This is the podcast where I hit growing business from every possible angle from mechanical tips. I don’t know how many tips I’ve done in this podcast for using Facebook, Google or social platforms to grow website or grow business. I’ve talked about the psychology of growing business from literal psychological methodologies of training, teaching and managing other people. I’ve used psychology and how to define what product you should come out with next by Reading Your Customer’s Minds. That’s actually the title of a podcast. It’s on the Today’s Growth Classics section of iTunes. I have hit growing business from many different angles over the years of this podcast. I am going to hit growing business from an angle that I’ve only done this from one time.

I wonder if this isn’t a future mandatory field of growing a business. I am literally staring in my office. I’m staring at a four-foot tall, 4×12 to fifteen-foot wide, black velvet corkboard. You can’t see much of the black because if there’s an incredible picture with me and one of my daughters, I’ve got a thumb tacked up there. If there’s a funny picture of me in fifth grade, I’ve got it thumb tacked up there. I’ve got a full page from the USA Today when I wrote a book with Brian Tracy. I’ve got the whole page of the newspaper thumbtack in all four corners. I’ve got awards in different things. I’ve got a picture from our sales office in Joliet, Illinois. My little brother, Billy’s in there. There are about nine people in there. I see all the awards on the wall. I’m looking at that picture right now. I’ve got a letter from the editor of Inc. Magazine, the first year our company hit the Inc. 5000 list. I found out it looks like we’re going to hit it for the fifth time.

TGP 325 | Tail Light
Tail Light: In life, we’re either in a storm, we’re coming out of a storm or we’re about to go into a storm and that’s it.
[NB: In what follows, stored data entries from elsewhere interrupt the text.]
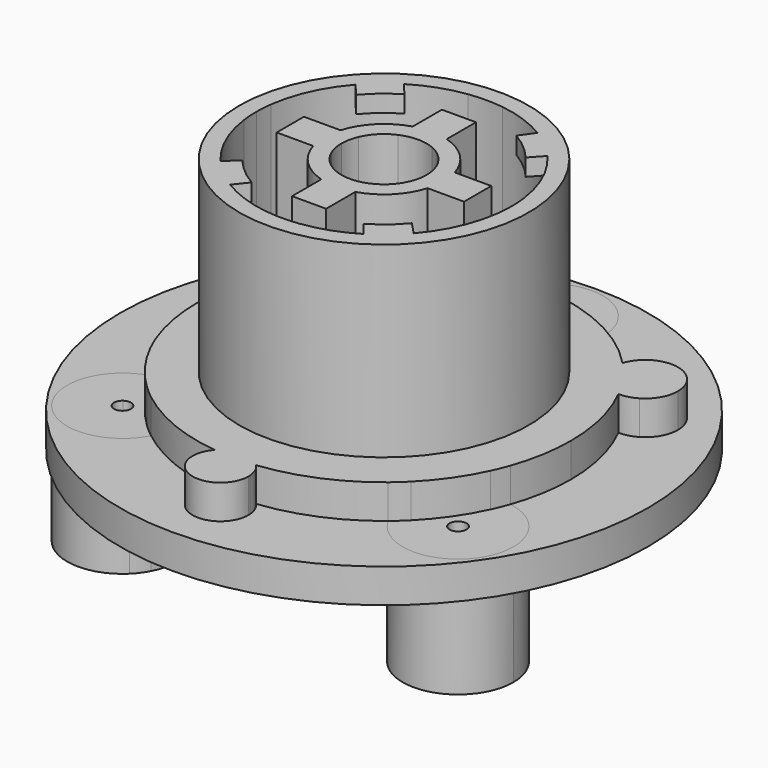
from build123d import *
from build123d import SkipClean  # not in build123d's __all__

# Parameters (mm, degrees)
F1_DEPTH  = 2
F2_DEPTH  = 15
F3_DEPTH  = 5
F4_DEPTH  = 4
F5_DEPTH  = 2
F6_DEPTH  = 1
F7_DEPTH  = 2
F8_DEPTH  = 14.99
F9_DEPTH  = 4
F12_DEPTH = 1
F14_R     = 7.5
F14_R_2   = 2.5
F15_DEPTH = 2
F16_DEPTH = 20.001


# Not quite as in the source:
# - a feature names something its author has since deleted; it is built from what else it names


with BuildPart() as f1:
    # F0 (on Top) → F1 (new body)
    with BuildSketch(Plane.XY):
        with BuildLine():
            Line((12, 0), (15.5, 0))
            ThreePointArc((15.5, 0), (0, 15.5), (-15.5, 0))
            Line((-15.5, 0), (-12, 0))
            ThreePointArc((-12, 0), (-11.6801289605, 2.7521968435), (-10.7375687557, 5.3576690095))
            ThreePointArc((-10.7375687557, 5.3576690095), (-11.2889375611, 7.9513228909), (-8.6611158458, 8.3057252727))
            ThreePointArc((-8.6611158458, 8.3057252727), (-6.1593840275, 10.2986401239), (-3.2200634035, 11.5598958333))
            ThreePointArc((-3.2200634035, 11.5598958333), (-0.2205605797, 15.2425072137), (3.25, 12))
            ThreePointArc((3.25, 12), (3.2425072137, 11.7794394203), (3.2200634035, 11.5598958333))
            ThreePointArc((3.2200634035, 11.5598958333), (6.111431372, 10.3271683721), (8.5835031281, 8.385909256))
            ThreePointArc((8.5835031281, 8.385909256), (10.6257203534, 8.6478632276), (11.7300664525, 6.9101374805))
            ThreePointArc((11.7300664525, 6.9101374805), (11.4776891115, 5.9587644605), (10.786927533, 5.2575844642))
            ThreePointArc((10.786927533, 5.2575844642), (11.692799716, 2.6978574466), (12, 0))
        make_face()
        with BuildLine():
            ThreePointArc((-15.5, 0), (0, -15.5), (15.5, 0))
            Line((15.5, 0), (12, 0))
            ThreePointArc((12, 0), (11.8294726454, -2.0158315735), (11.3227371779, -3.9743707428))
            ThreePointArc((11.3227371779, -3.9743707428), (12.6139140233, -5.1718208797), (13.090994712, -6.8669369503))
            ThreePointArc((13.090994712, -6.8669369503), (11.1449971369, -9.8438611475), (7.6374084499, -9.2558085638))
            ThreePointArc((7.6374084499, -9.2558085638), (4.8184795385, -10.9900980404), (1.6330075435, -11.8883676913))
            ThreePointArc((1.6330075435, -11.8883676913), (1.6358656226, -11.9441513269), (1.6368186856, -12))
            ThreePointArc((1.6368186856, -12), (-0.0558486731, -13.6358656226), (-1.6330075435, -11.8883676913))
            ThreePointArc((-1.6330075435, -11.8883676913), (-4.6750940722, -11.0518548405), (-7.3940132882, -9.4513791319))
            ThreePointArc((-7.3940132882, -9.4513791319), (-12.2749858869, -9.0491558433), (-11.2155025424, -4.2676108915))
            ThreePointArc((-11.2155025424, -4.2676108915), (-11.8022461953, -2.1695586523), (-12, 0))
            Line((-12, 0), (-15.5, 0))
        make_face()
        with BuildLine():
            Line((8.5, 0), (10.9707452996, 0))
            ThreePointArc((10.9707452996, 0), (10.6662314199, 2.5668579481), (9.7695945034, 4.9912198577))
            ThreePointArc((9.7695945034, 4.9912198577), (8.2415199443, 5.804885166), (7.9900576645, 7.5177277782))
            ThreePointArc((7.9900576645, 7.5177277782), (5.6655330905, 9.3946254438), (2.92083067, 10.5747813512))
            ThreePointArc((2.92083067, 10.5747813512), (0, 8.75), (-2.92083067, 10.5747813512))
            ThreePointArc((-2.92083067, 10.5747813512), (-5.7202127626, 9.3614324961), (-8.0771781233, 7.4240451232))
            ThreePointArc((-8.0771781233, 7.4240451232), (-8.0213473893, 7.1697823433), (-8.0026076616, 6.9101374805))
            ThreePointArc((-8.0026076616, 6.9101374805), (-8.4973152844, 5.667468241), (-9.7107279849, 5.1048030747))
            ThreePointArc((-9.7107279849, 5.1048030747), (-10.6510838844, 2.6290044725), (-10.9707452996, 0))
            Line((-10.9707452996, 0), (-8.5, 0))
            ThreePointArc((-8.5, 0), (0, 8.5), (8.5, 0))
        make_face()
        with BuildLine():
            ThreePointArc((10.3436272842, -3.6560398019), (10.8128292513, -1.8547172317), (10.9707452996, 0))
            Line((10.9707452996, 0), (8.5, 0))
            ThreePointArc((8.5, 0), (0, -8.5), (-8.5, 0))
            Line((-8.5, 0), (-10.9707452996, 0))
            ThreePointArc((-10.9707452996, 0), (-10.7877848856, -1.9952317382), (-10.2450061487, -3.9239140461))
            ThreePointArc((-10.2450061487, -3.9239140461), (-7.578380718, -4.6239491218), (-6.409005288, -7.120647221))
            ThreePointArc((-6.409005288, -7.120647221), (-6.5027661125, -7.8956661027), (-6.7786386831, -8.625967194))
            ThreePointArc((-6.7786386831, -8.625967194), (-4.1558671902, -10.1531285979), (-1.2150398702, -10.9032532091))
            ThreePointArc((-1.2150398702, -10.9032532091), (0, -10.3631813144), (1.2150398702, -10.9032532091))
            ThreePointArc((1.2150398702, -10.9032532091), (4.2876044557, -10.0982028331), (7.0007672753, -8.4466863317))
            ThreePointArc((7.0007672753, -8.4466863317), (7.1757253108, -5.0071415263), (10.3436272842, -3.6560398019))
        make_face()
        with BuildLine():
            ThreePointArc((-6.7786386831, -8.625967194), (-7.053433372, -9.0631958021), (-7.3940132882, -9.4513791319))
            ThreePointArc((-7.3940132882, -9.4513791319), (-4.6750940722, -11.0518548405), (-1.6330075435, -11.8883676913))
            ThreePointArc((-1.6330075435, -11.8883676913), (-1.5068032896, -11.3606884515), (-1.2150398702, -10.9032532091))
            ThreePointArc((-1.2150398702, -10.9032532091), (-4.1558671902, -10.1531285979), (-6.7786386831, -8.625967194))
        make_face()
        with BuildLine():
            Line((-10.9707452996, 0), (-12, 0))
            ThreePointArc((-12, 0), (-11.8022461953, -2.1695586523), (-11.2155025424, -4.2676108915))
            ThreePointArc((-11.2155025424, -4.2676108915), (-10.7439506432, -4.0570882487), (-10.2450061487, -3.9239140461))
            ThreePointArc((-10.2450061487, -3.9239140461), (-10.7877848856, -1.9952317382), (-10.9707452996, 0))
        make_face()
        with BuildLine():
            ThreePointArc((-10.7375687557, 5.3576690095), (-11.6801289605, 2.7521968435), (-12, 0))
            Line((-12, 0), (-10.9707452996, 0))
            ThreePointArc((-10.9707452996, 0), (-10.6510838844, 2.6290044725), (-9.7107279849, 5.1048030747))
            ThreePointArc((-9.7107279849, 5.1048030747), (-10.2430484347, 5.1544864526), (-10.7375687557, 5.3576690095))
        make_face()
        with BuildLine():
            ThreePointArc((-3.2200634035, 11.5598958333), (-6.1593840275, 10.2986401239), (-8.6611158458, 8.3057252727))
            ThreePointArc((-8.6611158458, 8.3057252727), (-8.3032471961, 7.9085306996), (-8.0771781233, 7.4240451232))
            ThreePointArc((-8.0771781233, 7.4240451232), (-5.7202127626, 9.3614324961), (-2.92083067, 10.5747813512))
            ThreePointArc((-2.92083067, 10.5747813512), (-3.1097037867, 11.0554141867), (-3.2200634035, 11.5598958333))
        make_face()
        with BuildLine():
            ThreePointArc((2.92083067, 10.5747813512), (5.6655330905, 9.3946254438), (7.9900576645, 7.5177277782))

I’m looking at my wife as she was a cheerleader for the Chicago Bulls. She’s in the bottom row on the right-hand side, of course looking unbelievably hot. I got a picture of me skiing. I’m jumping over a second story balcony in Hurley, Wisconsin up north by the UP. I landed so hard, I over jumped the landing. Instead of landing on a hill going down should be a soft landing, I landed on a flat section. My head hit between my skis so aggressively, I ripped the spine in my neck. They had to take the backseat of our minivan out and drive me twelve hours home, lying flat on my back where I spent a week in bed. Should have been in the hospital, but I’m stupid. Found out later from a doctor that I had a reverse C in my neck for twelve years until I had traction for eight weeks to fix it. That’s another one of my crazy things.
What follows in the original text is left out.